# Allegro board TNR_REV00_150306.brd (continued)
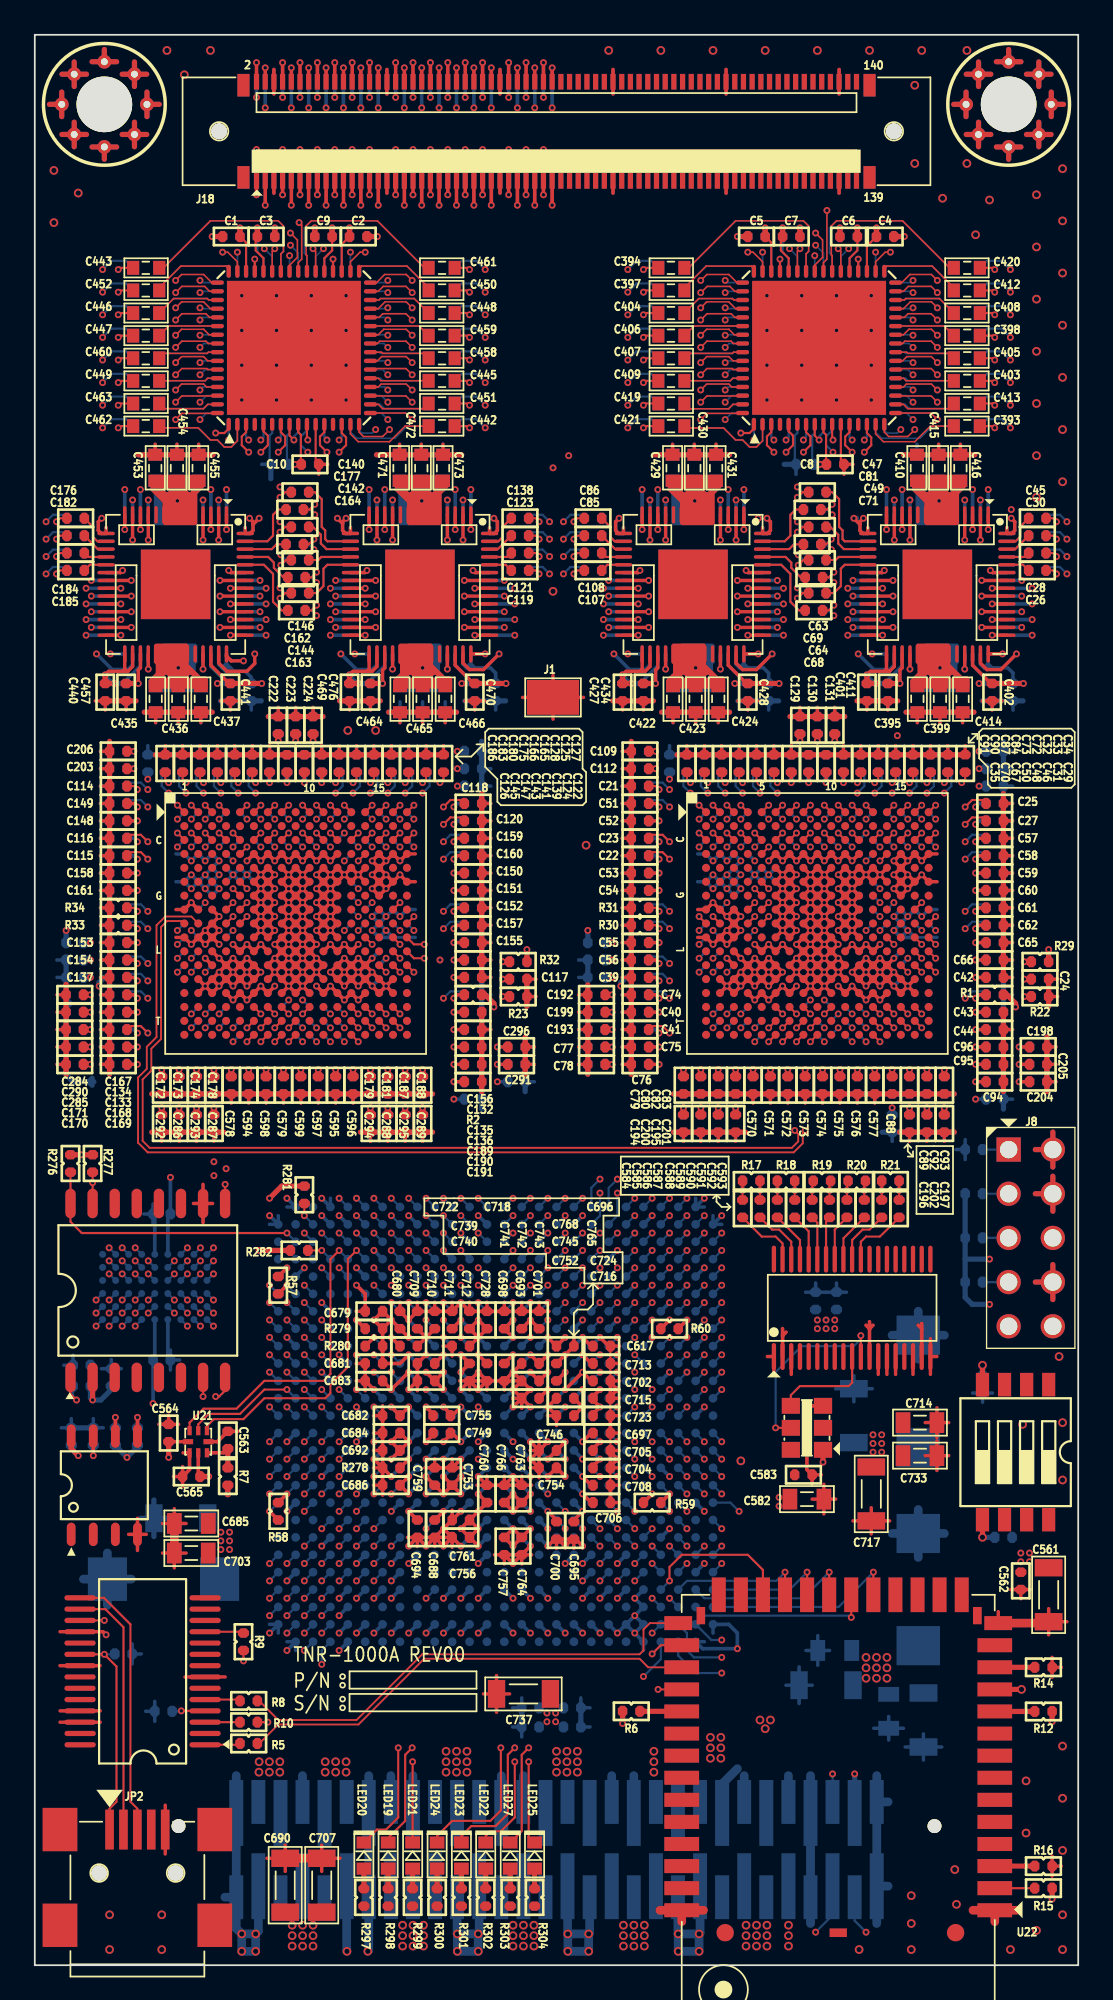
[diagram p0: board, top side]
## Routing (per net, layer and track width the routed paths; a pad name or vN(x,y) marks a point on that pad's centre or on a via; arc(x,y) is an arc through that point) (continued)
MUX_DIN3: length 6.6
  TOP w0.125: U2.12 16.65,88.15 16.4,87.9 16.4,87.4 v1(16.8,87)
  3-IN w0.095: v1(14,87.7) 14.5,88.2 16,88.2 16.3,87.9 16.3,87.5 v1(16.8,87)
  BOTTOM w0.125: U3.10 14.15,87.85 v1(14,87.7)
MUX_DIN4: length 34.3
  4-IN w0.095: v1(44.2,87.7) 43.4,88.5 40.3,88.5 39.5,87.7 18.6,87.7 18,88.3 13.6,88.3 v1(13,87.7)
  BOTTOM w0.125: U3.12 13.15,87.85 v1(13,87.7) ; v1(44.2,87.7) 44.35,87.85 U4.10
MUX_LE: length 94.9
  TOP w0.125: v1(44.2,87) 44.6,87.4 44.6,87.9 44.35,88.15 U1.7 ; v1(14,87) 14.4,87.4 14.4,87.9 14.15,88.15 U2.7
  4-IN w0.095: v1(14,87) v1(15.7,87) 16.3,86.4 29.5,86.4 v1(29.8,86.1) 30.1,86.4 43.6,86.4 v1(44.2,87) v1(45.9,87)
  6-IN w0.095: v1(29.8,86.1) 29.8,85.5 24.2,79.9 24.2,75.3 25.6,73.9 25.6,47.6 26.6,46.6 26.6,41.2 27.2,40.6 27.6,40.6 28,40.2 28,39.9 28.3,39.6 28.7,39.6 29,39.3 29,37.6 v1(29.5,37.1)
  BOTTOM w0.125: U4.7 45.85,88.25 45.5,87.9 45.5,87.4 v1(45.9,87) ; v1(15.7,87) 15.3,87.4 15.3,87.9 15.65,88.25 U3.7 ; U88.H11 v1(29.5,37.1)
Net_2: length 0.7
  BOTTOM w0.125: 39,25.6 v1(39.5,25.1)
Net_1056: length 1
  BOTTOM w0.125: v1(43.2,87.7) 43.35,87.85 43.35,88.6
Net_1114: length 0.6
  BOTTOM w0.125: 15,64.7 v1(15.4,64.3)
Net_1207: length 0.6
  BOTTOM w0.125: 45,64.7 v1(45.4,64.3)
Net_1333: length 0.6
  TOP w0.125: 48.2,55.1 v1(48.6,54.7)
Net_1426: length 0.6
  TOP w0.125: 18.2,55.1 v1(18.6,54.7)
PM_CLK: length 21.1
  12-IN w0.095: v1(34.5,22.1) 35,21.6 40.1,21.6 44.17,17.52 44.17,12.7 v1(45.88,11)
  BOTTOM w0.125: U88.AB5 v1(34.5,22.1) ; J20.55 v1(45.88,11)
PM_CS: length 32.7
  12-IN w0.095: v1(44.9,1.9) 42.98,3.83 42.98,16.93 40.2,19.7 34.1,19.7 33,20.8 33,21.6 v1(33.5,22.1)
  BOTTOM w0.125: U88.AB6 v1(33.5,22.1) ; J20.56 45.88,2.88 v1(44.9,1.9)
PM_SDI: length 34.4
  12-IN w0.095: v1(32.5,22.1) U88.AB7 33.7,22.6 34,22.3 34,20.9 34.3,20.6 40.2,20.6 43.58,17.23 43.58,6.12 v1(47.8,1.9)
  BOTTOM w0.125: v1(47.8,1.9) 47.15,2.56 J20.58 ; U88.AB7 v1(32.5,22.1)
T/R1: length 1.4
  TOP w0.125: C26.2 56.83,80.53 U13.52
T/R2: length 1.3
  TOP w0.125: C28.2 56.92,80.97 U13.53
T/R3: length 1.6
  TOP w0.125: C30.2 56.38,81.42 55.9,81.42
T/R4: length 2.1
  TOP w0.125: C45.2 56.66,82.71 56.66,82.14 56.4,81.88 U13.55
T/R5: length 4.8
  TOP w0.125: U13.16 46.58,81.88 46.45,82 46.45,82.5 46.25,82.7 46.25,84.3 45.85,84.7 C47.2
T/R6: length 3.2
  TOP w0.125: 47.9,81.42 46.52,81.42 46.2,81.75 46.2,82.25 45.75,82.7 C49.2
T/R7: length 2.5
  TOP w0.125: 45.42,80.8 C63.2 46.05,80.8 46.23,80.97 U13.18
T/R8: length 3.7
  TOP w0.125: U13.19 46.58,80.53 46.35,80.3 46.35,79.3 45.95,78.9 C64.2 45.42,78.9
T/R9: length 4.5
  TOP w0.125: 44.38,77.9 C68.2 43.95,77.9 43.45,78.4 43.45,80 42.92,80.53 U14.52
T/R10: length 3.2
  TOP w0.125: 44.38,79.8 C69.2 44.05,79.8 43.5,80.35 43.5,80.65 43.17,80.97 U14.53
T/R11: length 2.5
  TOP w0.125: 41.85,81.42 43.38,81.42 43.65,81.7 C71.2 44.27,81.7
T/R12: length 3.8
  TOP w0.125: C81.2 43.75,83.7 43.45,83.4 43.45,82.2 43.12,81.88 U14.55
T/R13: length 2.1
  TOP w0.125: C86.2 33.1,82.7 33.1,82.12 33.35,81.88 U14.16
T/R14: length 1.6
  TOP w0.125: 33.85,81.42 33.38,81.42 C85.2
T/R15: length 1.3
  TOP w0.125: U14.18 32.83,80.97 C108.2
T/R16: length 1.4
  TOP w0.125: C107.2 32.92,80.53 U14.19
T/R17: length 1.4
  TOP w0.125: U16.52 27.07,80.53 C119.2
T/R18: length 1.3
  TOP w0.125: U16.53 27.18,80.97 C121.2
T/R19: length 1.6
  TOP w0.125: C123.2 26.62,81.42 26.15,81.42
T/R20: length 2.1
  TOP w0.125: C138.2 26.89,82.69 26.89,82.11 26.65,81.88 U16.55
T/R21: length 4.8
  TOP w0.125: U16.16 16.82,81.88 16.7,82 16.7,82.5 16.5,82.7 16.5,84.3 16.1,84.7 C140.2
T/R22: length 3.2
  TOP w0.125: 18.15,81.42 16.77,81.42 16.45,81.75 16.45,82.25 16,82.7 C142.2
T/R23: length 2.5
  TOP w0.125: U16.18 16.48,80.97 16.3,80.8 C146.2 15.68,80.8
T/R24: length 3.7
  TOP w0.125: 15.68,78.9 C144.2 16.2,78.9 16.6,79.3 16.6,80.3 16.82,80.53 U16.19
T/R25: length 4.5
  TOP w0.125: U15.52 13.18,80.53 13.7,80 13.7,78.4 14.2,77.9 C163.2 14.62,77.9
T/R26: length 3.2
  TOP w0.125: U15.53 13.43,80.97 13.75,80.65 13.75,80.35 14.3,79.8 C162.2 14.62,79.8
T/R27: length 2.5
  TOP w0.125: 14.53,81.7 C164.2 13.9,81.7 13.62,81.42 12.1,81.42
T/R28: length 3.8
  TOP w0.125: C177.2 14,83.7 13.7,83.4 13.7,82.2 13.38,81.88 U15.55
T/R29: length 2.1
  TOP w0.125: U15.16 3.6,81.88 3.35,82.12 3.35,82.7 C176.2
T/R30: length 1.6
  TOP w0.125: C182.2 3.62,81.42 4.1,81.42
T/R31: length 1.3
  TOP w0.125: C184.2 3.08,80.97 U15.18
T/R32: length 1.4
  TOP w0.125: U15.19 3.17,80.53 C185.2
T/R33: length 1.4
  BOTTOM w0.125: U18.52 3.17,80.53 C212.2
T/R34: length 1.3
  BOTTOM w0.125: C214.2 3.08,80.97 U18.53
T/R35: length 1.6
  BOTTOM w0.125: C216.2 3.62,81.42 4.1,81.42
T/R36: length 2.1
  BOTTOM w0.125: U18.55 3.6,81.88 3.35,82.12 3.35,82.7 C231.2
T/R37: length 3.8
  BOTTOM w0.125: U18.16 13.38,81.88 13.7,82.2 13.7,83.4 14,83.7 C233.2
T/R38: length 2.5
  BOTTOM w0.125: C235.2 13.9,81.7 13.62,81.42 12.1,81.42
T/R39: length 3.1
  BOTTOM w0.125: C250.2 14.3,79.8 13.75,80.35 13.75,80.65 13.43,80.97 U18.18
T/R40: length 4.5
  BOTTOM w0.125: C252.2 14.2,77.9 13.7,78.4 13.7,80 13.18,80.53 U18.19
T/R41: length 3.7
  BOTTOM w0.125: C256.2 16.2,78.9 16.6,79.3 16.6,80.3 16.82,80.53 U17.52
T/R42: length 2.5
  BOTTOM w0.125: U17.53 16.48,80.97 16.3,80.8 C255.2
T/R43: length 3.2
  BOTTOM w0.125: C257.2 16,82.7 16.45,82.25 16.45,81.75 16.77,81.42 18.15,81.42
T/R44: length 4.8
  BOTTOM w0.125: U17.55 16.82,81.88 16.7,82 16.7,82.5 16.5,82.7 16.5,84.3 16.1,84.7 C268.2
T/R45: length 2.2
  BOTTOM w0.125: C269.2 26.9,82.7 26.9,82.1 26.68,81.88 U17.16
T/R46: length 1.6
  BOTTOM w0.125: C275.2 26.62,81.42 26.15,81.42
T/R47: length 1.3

ACTIVITY ::
Search the material above for "continued". Pull out each line where it shows up.

EXERCISE ANSWER ::
# Allegro board TNR_REV00_150306.brd (continued)
## Routing (per net, layer and track width the routed paths; a pad name or vN(x,y) marks a point on that pad's centre or on a via; arc(x,y) is an arc through that point) (continued)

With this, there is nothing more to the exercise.